The enterprises we’re working with generally call this “internal Hadoop as a service” or “Big Data as a service.” (Try acronyming that second one. ? )
With this third phase comes a new set of requirements for Hadoop:
- When multiple departments are using shared infrastructure, they demand SLAs – it just doesn’t work if one group’s use of Hadoop slows down everyone else’s use beyond an acceptable limit.
- As Hadoop becomes an increasingly big part of a company’s IT spend, it’s more important than ever that it be efficient. Enterprises don’t want to buy another hundred servers just because that’s the most obvious way to support more work – and even if they did, they often can’t find enough data center space to put them in.
- With many departments and hundreds or thousands of users running jobs on the same cluster, the operations group needs to understand which jobs might be causing problems for all the others, and to help users understand and reduce the impact of poorly written jobs.
- Now that each business unit isn’t buying its own cluster, it’s critical for IT to be able to accurately allocate costs back to each department.
- … Plus myriad other requirements that enterprises have once business units start sharing data and compute: granular access control, business continuity, regulatory compliance, and so on.
Chargeback reports: Providing another missing piece of the puzzle
Pepperdata’s real-time cluster optimization software has already helped enterprises meet some of these requirements. Today we’re launching a new feature that provides accurate chargeback reports of real hardware usage In order to give enterprise IT organizations the detailed visibility they need when running internal Hadoop as a service.
Until today, IT’s ability to measure and charge for Hadoop usage was limited to measuring data storage at rest – how many terabytes each department was storing on disk. The problem is that such a simple metric only captures a fraction of the total cost of the cluster; it doesn’t reflect who’s actually using that data and how much computational power they’re consuming as they do their work. It also tends to penalize groups that provide data that is useful for other departments as well, since they get charged for storing “their” data even if others are using it too.

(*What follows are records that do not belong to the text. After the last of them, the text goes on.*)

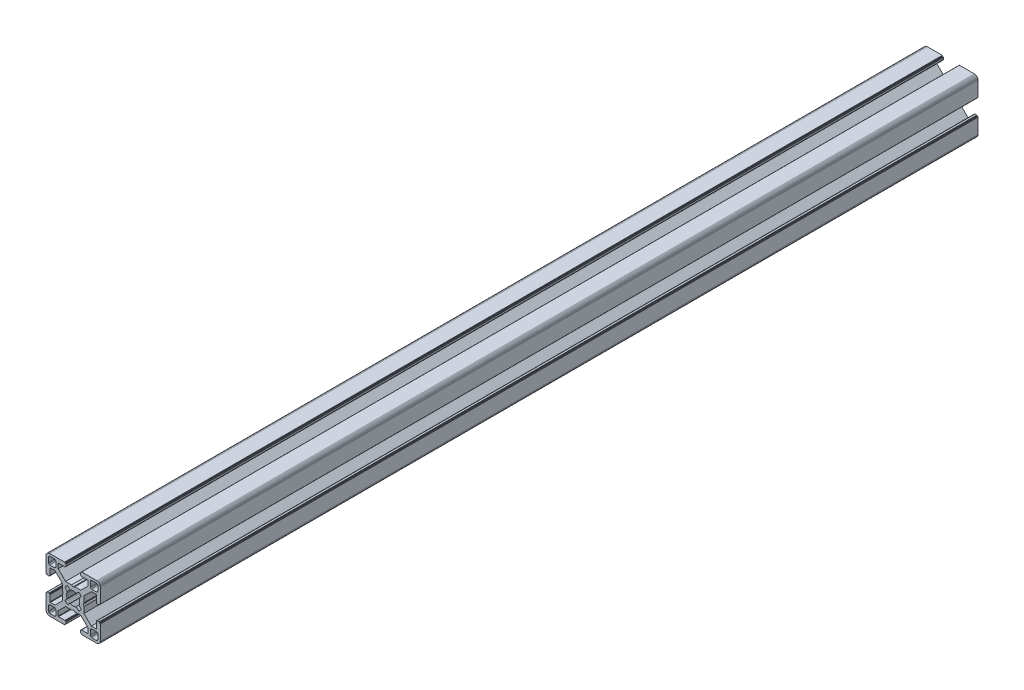
from build123d import *

# Parameters (mm, degrees)
BOSS_EXTRUDE1_DEPTH = 485


with BuildPart() as part:
    # Sketch1 → Boss-Extrude1 (new body)
    with BuildSketch(Plane.XY):
        Polygon((28.34729664, 29.969613999), (28.000000864, 29.999999329), (19.750000909, 29.999999329), (19.715268165, 29.996961355), (19.681595266, 29.987938702), (19.649999216, 29.973205179), (19.621443003, 29.953207821), (19.596790895, 29.928557575), (19.576793537, 29.899999499), (19.562061876, 29.868405312), (19.55303736, 29.834728688), (19.549999386, 29.799999669), (19.549999386, 29.699999839), (19.546961412, 29.665268958), (19.537936896, 29.631596059), (19.523203373, 29.599998146), (19.503207877, 29.571441934), (19.478557631, 29.546789825), (19.449999556, 29.526794329), (19.418403506, 29.512060806), (19.384728745, 29.503038153), (19.349999726, 29.500000179), (19.249999896, 29.500000179), (19.215267517, 29.496958527), (19.181592755, 29.487935874), (19.149996706, 29.47320235), (19.12143863, 29.453206855), (19.096788384, 29.428554746), (19.076791026, 29.399996671), (19.062057503, 29.368402484), (19.05303485, 29.334725859), (19.049996876, 29.299998703), (19.049996876, 28.39999837), (19.059110798, 28.29580945), (19.08618062, 28.194785165), (19.13038119, 28.099997016), (19.190369539, 28.014324653), (19.264324002, 27.94037019), (19.349996366, 27.88038184), (19.444784515, 27.836181271), (19.545806937, 27.809111449), (19.650010894, 27.799984574), (23.050010706, 27.799984574), (23.084741588, 27.7969466), (23.118414487, 27.787923946), (23.150012399, 27.773190423), (23.178568612, 27.753193065), (23.203220721, 27.728542819), (23.223218079, 27.699984744), (23.237949739, 27.668386831), (23.246974255, 27.634713932), (23.25001142, 27.59998608), (23.25001142, 25.049987618), (19.204474482, 20.999982084), (15.900007876, 20.999982084), (15.000008474, 20.48483404), (14.10000814, 20.999982084), (10.795543398, 20.999982084), (7.997342887, 23.801274731), (6.750011387, 25.049984589), (6.750011387, 27.599983051), (6.753049362, 27.634713932), (6.762072946, 27.668386831), (6.776805538, 27.699984744), (6.796801965, 27.728542819), (6.821454073, 27.753193065), (6.850011218, 27.773190423), (6.881607267, 27.787923946), (6.915282029, 27.7969466), (6.950011048, 27.799984574), (10.350011791, 27.799984574), (10.45420071, 27.809098497), (10.555223133, 27.836168318), (10.650011282, 27.880368888), (10.735683645, 27.940357238), (10.809638108, 28.014311701), (10.869626458, 28.099984064), (10.913827027, 28.194772213), (10.940895918, 28.295796498), (10.950010772, 28.399985417), (10.950010772, 29.299985751), (10.946974575, 29.334739239), (10.93795065, 29.368415522), (10.923215933, 29.400009153), (10.903218427, 29.428566473), (10.878566319, 29.45321765), (10.849999264, 29.473204166), (10.818403214, 29.487937689), (10.784728453, 29.496960342), (10.749999434, 29.500000179), (10.649999604, 29.500000179), (10.615270585, 29.503038153), (10.581595823, 29.512060806), (10.549999774, 29.526794329), (10.521441698, 29.546789825), (10.496791452, 29.571441934), (10.476795025, 29.599998146), (10.462061502, 29.631596059), (10.453037918, 29.665268958), (10.449999943, 29.699999839), (10.449999943, 29.799999669), (10.446961969, 29.834728688), (10.437938385, 29.868405312), (10.423205793, 29.899999499), (10.403208435, 29.928557575), (10.378557257, 29.953207821), (10.350000113, 29.973205179), (10.318404064, 29.987938702), (10.284729302, 29.996961355), (10.250000283, 29.999999329), (1.999999397, 29.999999329), (1.652702689, 29.969613999), (1.315958682, 29.879383743), (0.999999233, 29.732050374), (0.714424066, 29.532089829), (0.467910431, 29.285576195), (0.267948955, 28.999999166), (0.120614655, 28.684040532), (0.030384399, 28.34729664), (0, 28.000000864), (0, 19.750000909), (0.003037974, 19.715268165), (0.012061559, 19.681595266), (0.026795082, 19.649999216), (0.046790577, 19.621441141), (0.071442686, 19.596789032), (0.09999983, 19.576793537), (0.13159588, 19.562060013), (0.165270641, 19.55303736), (0.19999966, 19.549999386), (0.299999461, 19.549999386), (0.334728509, 19.546959549), (0.368403242, 19.537936896), (0.399999321, 19.523203373), (0.428556465, 19.503207877), (0.453208573, 19.478555769), (0.473204069, 19.449997693), (0.487937592, 19.418403506), (0.496961176, 19.384728745), (0.499999151, 19.349999726), (0.499999151, 19.249998033), (0.503038056, 19.215269014), (0.512060709, 19.181594253), (0.526794232, 19.150000066), (0.546790194, 19.121441524), (0.571441837, 19.096789882), (0.60000029, 19.076794925), (0.631595686, 19.062061999), (0.665270619, 19.053039982), (0.700000626, 19.050000801), (1.60000096, 19.050000801), (1.704189879, 19.059116587), (1.805213233, 19.086186409), (1.90000045, 19.130385115), (1.985673745, 19.190375328), (2.059627277, 19.264327928), (2.119616325, 19.350002154), (2.163816196, 19.444788441), (2.190886018, 19.545812726), (2.200000872, 19.650001645), (2.200000872, 23.050001457), (2.203039777, 23.084732338), (2.212062431, 23.118405237), (2.226795954, 23.15000315), (2.246792381, 23.178559362), (2.271443558, 23.203211471), (2.300000702, 23.223206967), (2.331596752, 23.23794049), (2.365271513, 23.246965006), (2.400001464, 23.250001117), (4.950000857, 23.250001117), (7.997332093, 20.202670812), (8.995535423, 19.204467788), (8.995535423, 15.900001182), (9.515148227, 15.00000178), (8.995535423, 14.100002378), (8.995535423, 10.795536704), (4.950000857, 6.750002138), (2.400001464, 6.750002138), (2.365271513, 6.753040112), (2.331596752, 6.762063697), (2.300000702, 6.77679722), (2.271443558, 6.796793647), (2.246792381, 6.821444824), (2.226795954, 6.850001968), (2.212062431, 6.881598018), (2.203039777, 6.915272779), (2.200000872, 6.950002729), (2.200000872, 10.350002542), (2.190896812, 10.454174265), (2.16382699, 10.555197618), (2.119627119, 10.649984836), (2.059638071, 10.735658131), (1.985684539, 10.809611663), (1.900011244, 10.869600944), (1.805224027, 10.913800582), (1.704200673, 10.940870404), (1.600011754, 10.949986189), (0.70001142, 10.949986189), (0.665281355, 10.946948596), (0.631606253, 10.937926283), (0.600010578, 10.923193954), (0.571451747, 10.903199537), (0.546799638, 10.87854836), (0.526794232, 10.850000195), (0.512060709, 10.818404146), (0.503038056, 10.784730315), (0.499999151, 10.750000365), (0.499999151, 10.650000535), (0.496961176, 10.615270585), (0.487937592, 10.581596754), (0.473204069, 10.550000705), (0.453208573, 10.521443561), (0.428556465, 10.496791452), (0.399999321, 10.476795956), (0.368403242, 10.462062433), (0.334728509, 10.453038849), (0.299999461, 10.449999943), (0.19999966, 10.449999943), (0.165270641, 10.446961969), (0.13159588, 10.437939316), (0.09999983, 10.423205793), (0.071442686, 10.403209366), (0.046790577, 10.378558189), (0.026795082, 10.350000113), (0.012061559, 10.318404064), (0.003037974, 10.284729302), (0, 10.250000283), (0, 1.999999397), (0.030384399, 1.652702689), (0.120614655, 1.315958682), (0.267948955, 0.999999233), (0.467910431, 0.714424066), (0.714424066, 0.467910431), (0.999999233, 0.267948955), (1.315958682, 0.120614655), (1.652702689, 0.030384399), (1.999999397, 0), (10.250000283, 0), (10.284729302, 0.003037974), (10.318404064, 0.012061559), (10.350000113, 0.026795082), (10.378557257, 0.046790577), (10.403208435, 0.071442686), (10.423205793, 0.09999983), (10.437938385, 0.13159588), (10.446961969, 0.165270641), (10.449999943, 0.19999966), (10.449999943, 0.300000422), (10.453037918, 0.334729441), (10.462061502, 0.368404202), (10.476795025, 0.400000252), (10.496791452, 0.428557396), (10.521441698, 0.453208573), (10.549999774, 0.473205), (10.581595823, 0.487938523), (10.615270585, 0.496961176), (10.649999604, 0.500000082), (10.749999434, 0.500000082), (10.784728453, 0.503038056), (10.818403214, 0.512060709), (10.849999264, 0.526794232), (10.878547894, 0.546800104), (10.903198606, 0.571451747), (10.923194493, 0.6000102), (10.93792742, 0.631606528), (10.946949437, 0.66528146), (10.950010772, 0.699984975), (10.950010772, 1.599985308), (10.940895918, 1.704174228), (10.913827027, 1.805197581), (10.869626458, 1.89998573), (10.809638108, 1.985658094), (10.735683645, 2.059612557), (10.650011282, 2.119600674), (10.555223133, 2.163801476), (10.45420071, 2.190870367), (10.350011791, 2.199985221), (6.950011048, 2.199985221), (6.915282029, 2.203024126), (6.881607267, 2.212046779), (6.850011218, 2.226780302), (6.821454073, 2.246776729), (6.796801965, 2.271427907), (6.776805538, 2.299985982), (6.762072946, 2.331582032), (6.753049362, 2.365256793), (6.750011387, 2.399985812), (6.750011387, 4.949985206), (9.787457566, 7.990785077), (10.795545277, 8.999985833), (14.100010019, 8.999985833), (15.000010353, 9.515133877), (15.900009756, 8.999985833), (19.204476361, 8.999985833), (20.21256413, 7.990786065), (23.25001142, 4.949988235), (23.25001142, 2.399988841), (23.246974255, 2.365256793), (23.237949739, 2.331582032), (23.223218079, 2.299985982), (23.203220721, 2.271427907), (23.178568612, 2.246776729), (23.150012399, 2.226780302), (23.118414487, 2.212046779), (23.084741588, 2.203024126), (23.050010706, 2.199985221), (19.650010894, 2.199985221), (19.545806937, 2.190883319), (19.444784515, 2.163814428), (19.349996366, 2.119613626), (19.264324002, 2.059625509), (19.190369539, 1.985671046), (19.13038119, 1.899998682), (19.08618062, 1.805210533), (19.059110798, 1.70418718), (19.049996876, 1.599998261), (19.049996876, 0.699997927), (19.053035506, 0.665268966), (19.062058795, 0.631594374), (19.076792915, 0.599998603), (19.096790813, 0.571440905), (19.121441524, 0.546790194), (19.149999978, 0.526794306), (19.181596306, 0.51206138), (19.215271238, 0.503039363), (19.249999896, 0.500000082), (19.349999726, 0.500000082), (19.384728745, 0.496961176), (19.418403506, 0.487938523), (19.449999556, 0.473205), (19.478557631, 0.453208573), (19.503207877, 0.428557396), (19.523203373, 0.400000252), (19.537936896, 0.368404202), (19.546961412, 0.334729441), (19.549999386, 0.300000422), (19.549999386, 0.19999966), (19.55303736, 0.165270641), (19.562061876, 0.13159588), (19.576793537, 0.09999983), (19.596789964, 0.071441755), (19.621442072, 0.046789646), (19.649998285, 0.02679415), (19.681594335, 0.012060627), (19.715267234, 0.003037043), (19.750000909, 0), (28.000000864, 0), (28.34729664, 0.030384399), (28.684040532, 0.120614655), (28.999999166, 0.267948955), (29.285576195, 0.467910431), (29.532089829, 0.714424066), (29.732050374, 0.999999233), (29.879383743, 1.315958682), (29.969613999, 1.652702689), (29.999999329, 1.999999397), (29.999999329, 10.250000283), (29.996974806, 10.284715361), (29.987951516, 10.318389952), (29.973217396, 10.349985723), (29.953219499, 10.378543421), (29.928568787, 10.403194133), (29.899999499, 10.423205793), (29.868405312, 10.437939316), (29.834728688, 10.446961969), (29.799999669, 10.449999943), (29.699999839, 10.449999943), (29.664909937, 10.453400043), (29.631233313, 10.462423628), (29.599637263, 10.477157151), (29.57108105, 10.497152646), (29.546427079, 10.521804755), (29.526433446, 10.550361899), (29.511699923, 10.581957949), (29.502675407, 10.615631779), (29.499637433, 10.650361729), (29.499637433, 10.750361559), (29.49697202, 10.784715548), (29.487949367, 10.818389378), (29.473215844, 10.849985428), (29.453220348, 10.878542572), (29.428568239, 10.90319468), (29.400010164, 10.923190176), (29.368415977, 10.937923699), (29.334741215, 10.946947284), (29.300012197, 10.949986189), (28.400011863, 10.949986189), (28.29581215, 10.9408876), (28.194787865, 10.913817778), (28.099999716, 10.86961814), (28.014327352, 10.809628859), (27.940374752, 10.735675327), (27.880384539, 10.650002032), (27.836185833, 10.555214814), (27.809114148, 10.454191461), (27.800000225, 10.350002542), (27.800000225, 6.950002729), (27.796962251, 6.915272779), (27.787939598, 6.881598018), (27.773206075, 6.850001968), (27.753208716, 6.821444824), (27.728558471, 6.796793647), (27.700000395, 6.77679722), (27.668404345, 6.762063697), (27.634729584, 6.753040112), (27.599998702, 6.750002138), (25.05000024, 6.750002138), (23.809199132, 7.99080223), (21.004464477, 10.795534588), (21.004464477, 14.100000262), (20.484851673, 14.999999665), (21.004464477, 15.899999067), (21.004464477, 19.204465672), (25.05000024, 23.250001117), (27.599998702, 23.250001117), (27.634729584, 23.246965006), (27.668404345, 23.23794049), (27.700000395, 23.223206967), (27.728558471, 23.203211471), (27.753208716, 23.178559362), (27.773206075, 23.15000315), (27.787939598, 23.118405237), (27.796962251, 23.084732338), (27.800000225, 23.050001457), (27.800000225, 19.650001645), (27.809114148, 19.545812726), (27.836185833, 19.444788441), (27.880384539, 19.350002154), (27.940370508, 19.264323684), (28.014323108, 19.190371084), (28.099995472, 19.130380872), (28.194783621, 19.086182165), (28.295807906, 19.059112343), (28.400001069, 19.050000801), (29.300001402, 19.050000801), (29.334730421, 19.053040638), (29.368405183, 19.062063291), (29.39999937, 19.076796814), (29.42819671, 19.097149726), (29.452848353, 19.1218023), (29.472843309, 19.150360754), (29.487576235, 19.181955219), (29.496598252, 19.215630151), (29.499637433, 19.250359227), (29.499637433, 19.35036092), (29.502675407, 19.385089939), (29.511699923, 19.4187647), (29.526433446, 19.450358887), (29.546427079, 19.478916963), (29.57108105, 19.503569071), (29.599637263, 19.523564567), (29.631233313, 19.53829809), (29.664909937, 19.547320743), (29.699999839, 19.549999386), (29.799999669, 19.549999386), (29.834728688, 19.55303736), (29.868405312, 19.562060013), (29.899999499, 19.576793537), (29.928557575, 19.596789032), (29.953207821, 19.621441141), (29.973205179, 19.649999216), (29.987938702, 19.681595266), (29.996961355, 19.715268165), (29.999999329, 19.750000909), (29.999999329, 28.000000864), (29.969613999, 28.34729664), (29.879383743, 28.684040532), (29.732050374, 28.999999166), (29.532089829, 29.285576195), (29.285576195, 29.532089829), (28.999999166, 29.732050374), (28.684040532, 29.879383743), align=None)
        Polygon((1.299998723, 25.499999523), (1.299998723, 27.699999511), (1.312309876, 27.856435627), (1.348942518, 28.009016067), (1.408992335, 28.153989464), (1.490981318, 28.287785128), (1.592892222, 28.407108039), (1.71221327, 28.50901708), (1.846008119, 28.591006994), (1.9909814, 28.651056811), (2.143563703, 28.687689453), (2.299998887, 28.699999675), (4.499998875, 28.699999675), (4.656434059, 28.687689453), (4.809016362, 28.651056811), (4.953989759, 28.591006994), (5.087784491, 28.50901708), (5.207106471, 28.407108039), (5.309016444, 28.287785128), (5.391005427, 28.153989464), (5.451056175, 28.009016067), (5.487687886, 27.856435627), (5.499999039, 27.699999511), (5.499999039, 25.499999523), (5.487687886, 25.34356527), (5.451056175, 25.190982968), (5.391005427, 25.04600957), (5.309016444, 24.912213907), (5.207106471, 24.792892858), (5.087784491, 24.690981954), (4.953989759, 24.60899204), (4.809016362, 24.548944086), (4.656434059, 24.512309581), (4.499998875, 24.499999359), (2.299998887, 24.499999359), (2.143563703, 24.512309581), (1.9909814, 24.548944086), (1.846008119, 24.60899204), (1.71221327, 24.690981954), (1.592892222, 24.792892858), (1.490981318, 24.912213907), (1.408992335, 25.04600957), (1.348942518, 25.190982968), (1.312309876, 25.34356527), align=None, mode=Mode.SUBTRACT)
        Polygon((25.34356527, 28.687689453), (25.499999523, 28.699999675), (27.699999511, 28.699999675), (27.856435627, 28.687689453), (28.009017929, 28.651056811), (28.153991327, 28.591006994), (28.28778699, 28.50901708), (28.407108039, 28.407108039), (28.50901708, 28.287785128), (28.591006994, 28.153989464), (28.651056811, 28.009016067), (28.687689453, 27.856435627), (28.700001538, 27.699999511), (28.700001538, 25.499999523), (28.687689453, 25.34356527), (28.651056811, 25.190982968), (28.591006994, 25.04600957), (28.50901708, 24.912213907), (28.407108039, 24.792892858), (28.28778699, 24.690981954), (28.153991327, 24.60899204), (28.009017929, 24.548944086), (27.856435627, 24.512309581), (27.699999511, 24.499999359), (25.499999523, 24.499999359), (25.34356527, 24.512309581), (25.190982968, 24.548944086), (25.04600957, 24.60899204), (24.912215769, 24.690981954), (24.792892858, 24.792892858), (24.690981954, 24.912213907), (24.608993903, 25.04600957), (24.548944086, 25.190982968), (24.512311444, 25.34356527), (24.500001222, 25.499999523), (24.500001222, 27.699999511), (24.512311444, 27.856435627), (24.548944086, 28.009016067), (24.608993903, 28.153989464), (24.690981954, 28.287785128), (24.792892858, 28.407108039), (24.912215769, 28.50901708), (25.04600957, 28.591006994), (25.190982968, 28.651056811), align=None, mode=Mode.SUBTRACT)
        Polygon((14.999999665, 18.649999052), (15.550030395, 18.608318642), (16.087498516, 18.484227359), (16.600128263, 18.280562013), (18.13592948, 19.518401474), (18.644984812, 19.11874488), (19.103571773, 18.662061542), (19.505336881, 18.154669553), (18.280562013, 16.600130126), (18.484227359, 16.087498516), (18.608318642, 15.550030395), (18.649999052, 14.999999665), (18.608318642, 14.449968934), (18.484227359, 13.912500814), (18.280562013, 13.399870135), (19.505336881, 11.845329776), (19.103571773, 11.337937787), (18.644984812, 10.881252587), (18.13592948, 10.481598787), (16.600128263, 11.719437316), (16.087498516, 11.515771039), (15.550030395, 11.391680688), (14.999999665, 11.349999346), (14.449968934, 11.391680688), (13.912500814, 11.515771039), (13.399870135, 11.719437316), (11.864069849, 10.481598787), (11.355013587, 10.881252587), (10.896427557, 11.337937787), (10.494662449, 11.845329776), (11.719438247, 13.399870135), (11.515771039, 13.912500814), (11.391680688, 14.449968934), (11.349999346, 14.999999665), (11.391680688, 15.550030395), (11.515771039, 16.087498516), (11.719438247, 16.600130126), (10.494662449, 18.154669553), (10.896427557, 18.662061542), (11.355013587, 19.11874488), (11.864069849, 19.518401474), (13.399870135, 18.280562013), (13.912500814, 18.484227359), (14.449968934, 18.608318642), align=None, mode=Mode.SUBTRACT)
        Polygon((4.499998875, 1.299999771), (2.299998887, 1.299999771), (2.143563703, 1.312310807), (1.9909814, 1.348942518), (1.846008119, 1.408992335), (1.71221327, 1.490982249), (1.592892222, 1.592892222), (1.490981318, 1.712214202), (1.408992335, 1.846008934), (1.348942518, 1.990982331), (1.312309876, 2.143564634), (1.299998723, 2.299998887), (1.299998723, 4.499999806), (1.312309876, 4.656434059), (1.348942518, 4.809017293), (1.408992335, 4.95399069), (1.490981318, 5.087785423), (1.592892222, 5.207106471), (1.71221327, 5.309017375), (1.846008119, 5.391006358), (1.9909814, 5.451056175), (2.143563703, 5.487688817), (2.299998887, 5.49999997), (4.499998875, 5.49999997), (4.656434059, 5.487688817), (4.809016362, 5.451056175), (4.953989759, 5.391006358), (5.087784491, 5.309017375), (5.207106471, 5.207106471), (5.309016444, 5.087785423), (5.391005427, 4.95399069), (5.451056175, 4.809017293), (5.487687886, 4.656434059), (5.499999039, 4.499999806), (5.499999039, 2.299998887), (5.487687886, 2.143564634), (5.451056175, 1.990982331), (5.391005427, 1.846008934), (5.309016444, 1.712214202), (5.207106471, 1.592892222), (5.087784491, 1.490982249), (4.953989759, 1.408992335), (4.809016362, 1.348942518), (4.656434059, 1.312310807), align=None, mode=Mode.SUBTRACT)
        Polygon((27.699999511, 1.299999771), (25.499999523, 1.299999771), (25.34356527, 1.312310807), (25.190982968, 1.348942518), (25.04600957, 1.408992335), (24.912215769, 1.490982249), (24.792892858, 1.592892222), (24.690981954, 1.712214202), (24.608993903, 1.846008934), (24.548944086, 1.990982331), (24.512311444, 2.143564634), (24.500001222, 2.299998887), (24.500001222, 4.499999806), (24.512311444, 4.656434059), (24.548944086, 4.809017293), (24.608993903, 4.95399069), (24.690981954, 5.087785423), (24.792892858, 5.207106471), (24.912215769, 5.309017375), (25.04600957, 5.391006358), (25.190982968, 5.451056175), (25.34356527, 5.487688817), (25.499999523, 5.49999997), (27.699999511, 5.49999997), (27.856435627, 5.487688817), (28.009017929, 5.451056175), (28.153991327, 5.391006358), (28.28778699, 5.309017375), (28.407108039, 5.207106471), (28.50901708, 5.087785423), (28.591006994, 4.95399069), (28.651056811, 4.809017293), (28.687689453, 4.656434059), (28.700001538, 4.499999806), (28.700001538, 2.299998887), (28.687689453, 2.143564634), (28.651056811, 1.990982331), (28.591006994, 1.846008934), (28.50901708, 1.712214202), (28.407108039, 1.592892222), (28.28778699, 1.490982249), (28.153991327, 1.408992335), (28.009017929, 1.348942518), (27.856435627, 1.312310807), align=None, mode=Mode.SUBTRACT)
    extrude(amount=-BOSS_EXTRUDE1_DEPTH)


solid = part.part

Our new chargeback reports provide the missing pieces needed get a complete picture: we report on total CPU, memory, disk I/O (data access, not just data at rest), and network used by each group during any desired window in time. Operators can get a summary view broken down by application or queue, and if needed they can also drill down into usage by individual users and even jobs, in order to find the most expensive workloads running on the cluster.
As we’ve talked to customers about the challenges of running a centralized Hadoop service, we’ve heard over and over that SLAs, efficiency, and chargebacks are critical requirements that they’re not getting from out-of-the-box Hadoop. With today’s news, we’re excited to announce that Pepperdata is providing another one of these missing pieces.